The non-profit agencies that serve people with developmental disabilities often rely on Medicaid payments as their primary source of income. However, the term “non-profit” must be carefully scrutinized. It has been asserted that the leadership of the non-profit organizations are, in fact, profit-making individuals who are actually becoming wealthy as a result of the Medicaid payments.
One such example is the case of New York’s “Young Adult Institute,” also known as “YAI”. 10 months ago, the New York Times reported on the enrichment of the two executive officers of YAI, who apparently made off with tens of millions of dollars, which they spent on limousines, mansions, and other examples of personal embellishment.
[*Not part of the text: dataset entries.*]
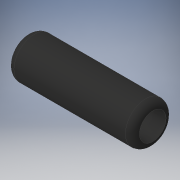
# Autodesk Inventor part: 5.5 Sleeve Handle
Saved by Autodesk Inventor 2017 (Build 210142000, 142)
## iProperties
Created: 2020-02-04
Part Number: 5.5 Sleeve Handle
Material: Rubber
Document SubType Name: Modeling
Designer: 10042265
Density: 0.93 g/cm^3
Appearance: Rubber - Black
Author: 10042265
Autodesk Inventor part; units mm, degrees
ref_plane "YZ Plane" through (0, 0, 0) normal (1, 0, 0) x (0, 1, 0)
ref_plane "XZ Plane" through (0, 0, 0) normal (0, 1, 0) x (-1, 0, 0)
ref_plane "XY Plane" through (0, 0, 0) normal (0, 0, 1) x (1, 0, 0)
sketch "Sketch3" plane through (0, 0, 0) normal (0, 0, 1) x (1, 0, 0)
  line L0 (0, 0) -> (113.5126, 0)
  line L1 (113.5126, 0) -> (113.5126, 6.35)
  line L2 (113.5126, 6.35) -> (3.9624, 6.35)
  line L3 (3.9624, 6.35) -> (3.9624, 17.4625)
  line L4 (3.9624, 17.4625) -> (0, 17.4625)
  line L5 (0, 17.4625) -> (0, 0)
  line L6 (0, 17.4625) -> (0, 18.415) construction
  line L7 (0, 18.415) -> (113.5126, 18.415) construction
  line L8 (113.5126, 18.415) -> (113.5126, 0) construction
  dimension "d163" = 113.5126
  dimension "d164" = 6.35
  dimension "d165" = 109.5502
  dimension "d166" = 11.1125
  dimension "d167" = 0.9525
  constraints: 18 end point, 7 perpendicular, 2 horizontal
  measures "d163" distance of L0.start L0.end
  measures "d164" distance of L0.end L1.end
  measures "d165" distance of L1.end L2.end
  measures "d166" distance of L2.end L3.end
  measures "d167" distance of L4.end L6.end
revolve "Revolution2" add sketch "Sketch3" angle 360 about axis through (0, 18.415, 0) along (1, 0, 0)
fillet "Fillet1" radius 6.35 1 edges at (0, 36.83, 0)
fillet "Fillet2" radius 6.35 1 edges at (113.5126, 36.83, 0)
body "Solid2"
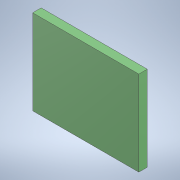
# Autodesk Inventor part: placa-circuito
Saved by Autodesk Inventor 2021 (Build 250183000, 183)
## iProperties
Created: 2023-11-09
Part Number: placa-circuito
Material: Genérico
Document SubType Name: Modeling
Designer: Vinicius
Density: 1 g/cm^3
Appearance: Padrão
Author: Vinicius
Autodesk Inventor part; units mm, degrees
ref_plane "YZ Plane" through (0, 0, 0) normal (1, 0, 0) x (0, 1, 0)
ref_plane "XZ Plane" through (0, 0, 0) normal (0, 1, 0) x (-1, 0, 0)
ref_plane "XY Plane" through (0, 0, 0) normal (0, 0, 1) x (1, 0, 0)
sketch "Esboço1" plane through (0, 0, 0) normal (0, 0, 1) x (1, 0, 0)
  line L0 (-125, -100) -> (125, -100)
  line L1 (125, -100) -> (125, 100)
  line L2 (125, 100) -> (-125, 100)
  line L3 (-125, 100) -> (-125, -100)
  line L4 (-125, -100) -> (125, 100) construction
  line L5 (125, -100) -> (-125, 100) construction
  point P0 (0, 0)
  dimension "d0" = 200
  dimension "d1" = 250
  constraints: 12 end point, 2 midpoint, 2 parallel, 1 horizontal, 1 perpendicular
  measures "d0" distance of L2.end L0.start
  measures "d1" distance of L0.start L0.end
extrude "Extrusão1" add sketch "Esboço1" along normal blind 20

The Young Adult Institute is an organization that runs a variety of programs for the developmentally disabled throughout New York City and the surrounding region. Included in those services are scores of group homes and day training programs. Several decades ago, this writer, who knew the two executive officers well, served as a volunteer in helping them to advertise and design their professional conferences. No compensation was accepted by this writer, as the YAI was a “non-profit” organization that served vulnerable children and adults who suffered from severe disabilities. In fact, this writer even served as a pro bono speech writer for the chief operating officer at an international conference. No compensation, not even expenses, was requested or accepted.
The two executive officers are, as a matter of fact, brothers. Joel Levy served as the Chief Executive Officer and Philip Levy served as the Chief Operating Officer. Their clandestine enrichment continued for more than thirty years. It ended only when the New York Times reported the fiscal abuse and the brothers quietly resigned. As of this writing, no reimbursement of the millions of Medicaid dollars has been repaid by the brothers.
Apparently, there was little oversight regarding how the Medicaid money would be spent. The Levy brothers graduated from modestly living social workers to regal executives with perks that rivaled the highest paid Wall Street executives. According to the New York Times:
“They each had luxury cars paid for with public money. And when their children went to college, they could pass on the tuition bills to their nonprofit group. Philip H. Levy went as far as charging the organization $50,400 for his daughter’s living expenses one year when she attended graduate school at New York University. That money paid not for a dorm room, but rather it helped her buy a co-op apartment in Greenwich Village.”